EXERCISE PROMPT
The first line of the entries is where the copy starts and the line with "#43=FACE_BOUND('',#42,.T.);" is where it ends; set down each line exactly, both ends included, and drop pictures.
===
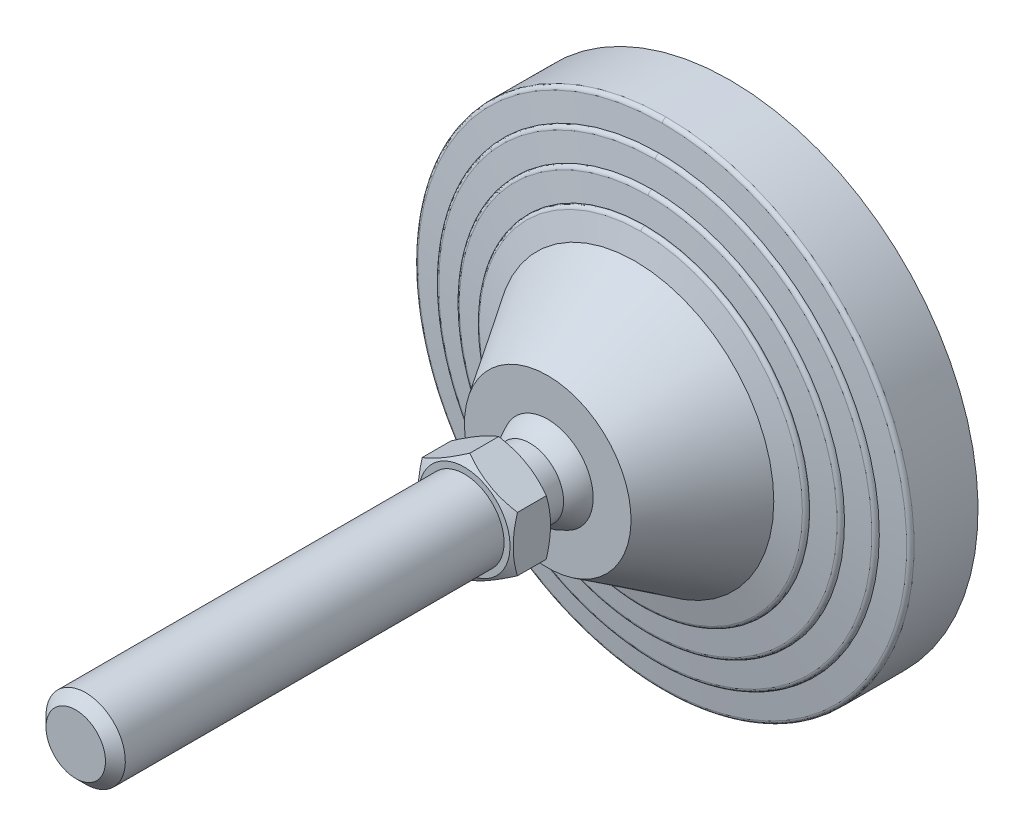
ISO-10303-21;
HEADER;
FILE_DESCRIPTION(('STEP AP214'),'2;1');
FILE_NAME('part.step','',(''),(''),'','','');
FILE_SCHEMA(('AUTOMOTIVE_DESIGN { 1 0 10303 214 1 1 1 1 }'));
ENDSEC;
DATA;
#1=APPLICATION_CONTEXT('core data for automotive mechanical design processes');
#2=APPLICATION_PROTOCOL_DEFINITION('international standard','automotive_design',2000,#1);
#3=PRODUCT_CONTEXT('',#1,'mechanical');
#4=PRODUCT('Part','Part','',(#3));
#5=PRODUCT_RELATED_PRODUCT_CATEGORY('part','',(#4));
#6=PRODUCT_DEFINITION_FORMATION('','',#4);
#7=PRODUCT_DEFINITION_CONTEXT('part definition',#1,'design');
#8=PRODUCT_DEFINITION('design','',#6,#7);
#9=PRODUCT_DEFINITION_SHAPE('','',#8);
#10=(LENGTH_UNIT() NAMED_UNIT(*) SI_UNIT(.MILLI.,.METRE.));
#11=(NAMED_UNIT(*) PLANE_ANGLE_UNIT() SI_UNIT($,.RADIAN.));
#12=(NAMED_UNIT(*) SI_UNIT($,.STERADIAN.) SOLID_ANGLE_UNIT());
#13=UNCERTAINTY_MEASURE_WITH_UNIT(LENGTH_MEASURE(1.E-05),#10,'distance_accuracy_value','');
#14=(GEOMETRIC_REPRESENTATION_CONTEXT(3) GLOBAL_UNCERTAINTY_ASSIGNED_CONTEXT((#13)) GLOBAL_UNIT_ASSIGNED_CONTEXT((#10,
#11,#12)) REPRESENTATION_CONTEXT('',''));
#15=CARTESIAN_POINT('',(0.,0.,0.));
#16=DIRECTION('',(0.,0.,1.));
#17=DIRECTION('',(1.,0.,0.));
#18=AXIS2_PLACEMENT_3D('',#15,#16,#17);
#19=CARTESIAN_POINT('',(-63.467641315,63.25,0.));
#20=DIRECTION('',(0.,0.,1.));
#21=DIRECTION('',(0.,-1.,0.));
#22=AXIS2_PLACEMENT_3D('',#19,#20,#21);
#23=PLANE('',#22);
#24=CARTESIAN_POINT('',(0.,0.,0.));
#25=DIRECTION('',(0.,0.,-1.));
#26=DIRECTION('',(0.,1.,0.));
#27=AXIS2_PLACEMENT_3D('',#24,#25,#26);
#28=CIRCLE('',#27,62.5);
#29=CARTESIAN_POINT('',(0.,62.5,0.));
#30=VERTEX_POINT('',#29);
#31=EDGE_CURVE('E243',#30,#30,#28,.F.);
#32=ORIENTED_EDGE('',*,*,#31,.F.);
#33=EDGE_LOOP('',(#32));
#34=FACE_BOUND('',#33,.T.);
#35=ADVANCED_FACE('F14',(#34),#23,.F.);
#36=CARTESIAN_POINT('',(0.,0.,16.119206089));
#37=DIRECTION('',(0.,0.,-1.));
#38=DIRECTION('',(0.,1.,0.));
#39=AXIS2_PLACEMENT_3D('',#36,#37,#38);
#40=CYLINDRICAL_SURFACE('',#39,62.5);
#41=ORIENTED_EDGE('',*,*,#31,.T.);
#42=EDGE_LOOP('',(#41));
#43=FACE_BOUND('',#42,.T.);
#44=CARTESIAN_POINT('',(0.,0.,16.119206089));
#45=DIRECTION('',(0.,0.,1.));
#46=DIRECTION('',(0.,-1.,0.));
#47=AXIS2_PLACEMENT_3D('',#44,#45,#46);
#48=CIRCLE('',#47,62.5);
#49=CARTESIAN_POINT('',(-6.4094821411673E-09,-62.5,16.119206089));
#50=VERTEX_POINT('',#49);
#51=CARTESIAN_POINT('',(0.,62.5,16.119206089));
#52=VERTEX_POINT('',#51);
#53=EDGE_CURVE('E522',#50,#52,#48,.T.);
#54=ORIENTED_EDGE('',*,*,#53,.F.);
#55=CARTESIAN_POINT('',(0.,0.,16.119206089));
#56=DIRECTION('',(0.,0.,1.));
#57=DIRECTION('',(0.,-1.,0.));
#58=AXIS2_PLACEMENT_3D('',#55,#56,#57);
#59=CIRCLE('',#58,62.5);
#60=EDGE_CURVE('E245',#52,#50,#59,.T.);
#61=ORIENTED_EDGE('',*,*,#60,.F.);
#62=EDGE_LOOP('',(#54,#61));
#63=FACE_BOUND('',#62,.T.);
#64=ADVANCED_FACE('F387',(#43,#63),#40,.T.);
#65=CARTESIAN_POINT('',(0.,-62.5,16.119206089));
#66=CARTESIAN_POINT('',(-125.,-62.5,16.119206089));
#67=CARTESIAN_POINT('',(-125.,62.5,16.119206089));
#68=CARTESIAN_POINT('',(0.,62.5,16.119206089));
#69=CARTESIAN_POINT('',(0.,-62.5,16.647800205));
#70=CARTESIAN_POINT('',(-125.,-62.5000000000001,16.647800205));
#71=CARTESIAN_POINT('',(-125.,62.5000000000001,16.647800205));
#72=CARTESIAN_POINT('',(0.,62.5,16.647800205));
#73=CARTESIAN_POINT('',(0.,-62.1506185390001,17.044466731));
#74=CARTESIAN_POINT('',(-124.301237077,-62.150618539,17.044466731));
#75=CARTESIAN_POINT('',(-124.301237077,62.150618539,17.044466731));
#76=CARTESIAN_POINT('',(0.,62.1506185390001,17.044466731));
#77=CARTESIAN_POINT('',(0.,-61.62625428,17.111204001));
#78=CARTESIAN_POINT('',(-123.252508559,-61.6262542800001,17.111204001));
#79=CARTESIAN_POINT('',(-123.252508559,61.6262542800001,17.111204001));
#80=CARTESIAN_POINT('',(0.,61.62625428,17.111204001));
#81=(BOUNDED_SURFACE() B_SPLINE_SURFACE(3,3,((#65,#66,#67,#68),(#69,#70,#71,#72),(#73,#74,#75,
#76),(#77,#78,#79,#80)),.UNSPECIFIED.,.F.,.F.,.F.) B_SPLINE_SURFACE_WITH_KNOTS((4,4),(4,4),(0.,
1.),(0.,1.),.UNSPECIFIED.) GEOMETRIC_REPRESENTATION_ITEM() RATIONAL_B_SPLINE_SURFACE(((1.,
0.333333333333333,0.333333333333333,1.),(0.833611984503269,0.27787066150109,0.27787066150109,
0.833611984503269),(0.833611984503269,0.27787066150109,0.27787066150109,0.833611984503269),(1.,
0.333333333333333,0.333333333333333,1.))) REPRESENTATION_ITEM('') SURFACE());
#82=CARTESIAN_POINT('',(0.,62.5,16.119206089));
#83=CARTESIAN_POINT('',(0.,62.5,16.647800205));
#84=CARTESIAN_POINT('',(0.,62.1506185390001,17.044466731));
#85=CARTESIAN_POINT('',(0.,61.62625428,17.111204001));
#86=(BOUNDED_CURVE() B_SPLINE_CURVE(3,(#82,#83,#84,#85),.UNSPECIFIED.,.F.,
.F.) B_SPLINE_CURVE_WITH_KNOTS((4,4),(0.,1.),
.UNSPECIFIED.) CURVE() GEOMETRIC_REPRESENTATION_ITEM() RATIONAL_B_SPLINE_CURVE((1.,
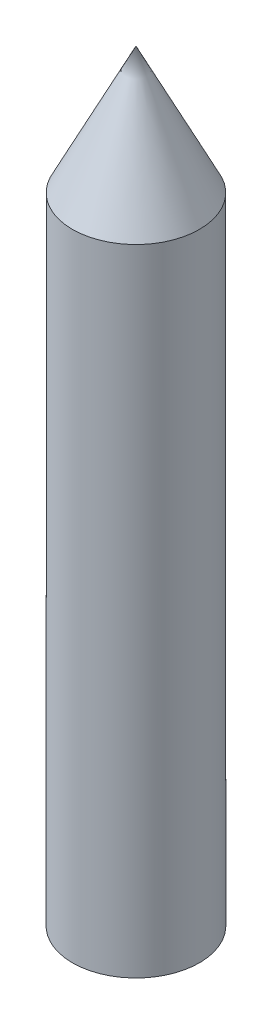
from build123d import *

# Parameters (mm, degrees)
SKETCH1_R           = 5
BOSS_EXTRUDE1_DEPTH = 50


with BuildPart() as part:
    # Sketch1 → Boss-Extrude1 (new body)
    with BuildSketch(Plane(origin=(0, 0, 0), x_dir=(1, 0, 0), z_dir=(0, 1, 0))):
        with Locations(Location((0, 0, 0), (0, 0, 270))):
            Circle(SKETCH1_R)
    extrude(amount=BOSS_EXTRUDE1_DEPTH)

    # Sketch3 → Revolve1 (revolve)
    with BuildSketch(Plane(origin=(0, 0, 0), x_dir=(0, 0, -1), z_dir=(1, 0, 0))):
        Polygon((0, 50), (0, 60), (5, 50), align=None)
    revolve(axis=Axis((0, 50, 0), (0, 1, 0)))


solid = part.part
===
ANSWER SPACE
ISO-10303-21;
HEADER;
FILE_DESCRIPTION(('STEP AP214'),'2;1');
FILE_NAME('part.step','',(''),(''),'','','');
FILE_SCHEMA(('AUTOMOTIVE_DESIGN { 1 0 10303 214 1 1 1 1 }'));
ENDSEC;
DATA;
#1=APPLICATION_CONTEXT('core data for automotive mechanical design processes');
#2=APPLICATION_PROTOCOL_DEFINITION('international standard','automotive_design',2000,#1);
#3=PRODUCT_CONTEXT('',#1,'mechanical');
#4=PRODUCT('Part','Part','',(#3));
#5=PRODUCT_RELATED_PRODUCT_CATEGORY('part','',(#4));
#6=PRODUCT_DEFINITION_FORMATION('','',#4);
#7=PRODUCT_DEFINITION_CONTEXT('part definition',#1,'design');
#8=PRODUCT_DEFINITION('design','',#6,#7);
#9=PRODUCT_DEFINITION_SHAPE('','',#8);
#10=(LENGTH_UNIT() NAMED_UNIT(*) SI_UNIT(.MILLI.,.METRE.));
#11=(NAMED_UNIT(*) PLANE_ANGLE_UNIT() SI_UNIT($,.RADIAN.));
#12=(NAMED_UNIT(*) SI_UNIT($,.STERADIAN.) SOLID_ANGLE_UNIT());
#13=UNCERTAINTY_MEASURE_WITH_UNIT(LENGTH_MEASURE(1.E-05),#10,'distance_accuracy_value','');
#14=(GEOMETRIC_REPRESENTATION_CONTEXT(3) GLOBAL_UNCERTAINTY_ASSIGNED_CONTEXT((#13)) GLOBAL_UNIT_ASSIGNED_CONTEXT((#10,
#11,#12)) REPRESENTATION_CONTEXT('',''));
#15=CARTESIAN_POINT('',(0.,0.,0.));
#16=DIRECTION('',(0.,0.,1.));
#17=DIRECTION('',(1.,0.,0.));
#18=AXIS2_PLACEMENT_3D('',#15,#16,#17);
#19=CARTESIAN_POINT('',(-63.467641315,63.25,0.));
#20=DIRECTION('',(0.,0.,1.));
#21=DIRECTION('',(0.,-1.,0.));
#22=AXIS2_PLACEMENT_3D('',#19,#20,#21);
#23=PLANE('',#22);
#24=CARTESIAN_POINT('',(0.,0.,0.));
#25=DIRECTION('',(0.,0.,-1.));
#26=DIRECTION('',(0.,1.,0.));
#27=AXIS2_PLACEMENT_3D('',#24,#25,#26);
#28=CIRCLE('',#27,62.5);
#29=CARTESIAN_POINT('',(0.,62.5,0.));
#30=VERTEX_POINT('',#29);
#31=EDGE_CURVE('E243',#30,#30,#28,.F.);
#32=ORIENTED_EDGE('',*,*,#31,.F.);
#33=EDGE_LOOP('',(#32));
#34=FACE_BOUND('',#33,.T.);
#35=ADVANCED_FACE('F14',(#34),#23,.F.);
#36=CARTESIAN_POINT('',(0.,0.,16.119206089));
#37=DIRECTION('',(0.,0.,-1.));
#38=DIRECTION('',(0.,1.,0.));
#39=AXIS2_PLACEMENT_3D('',#36,#37,#38);
#40=CYLINDRICAL_SURFACE('',#39,62.5);
#41=ORIENTED_EDGE('',*,*,#31,.T.);
#42=EDGE_LOOP('',(#41));
#43=FACE_BOUND('',#42,.T.);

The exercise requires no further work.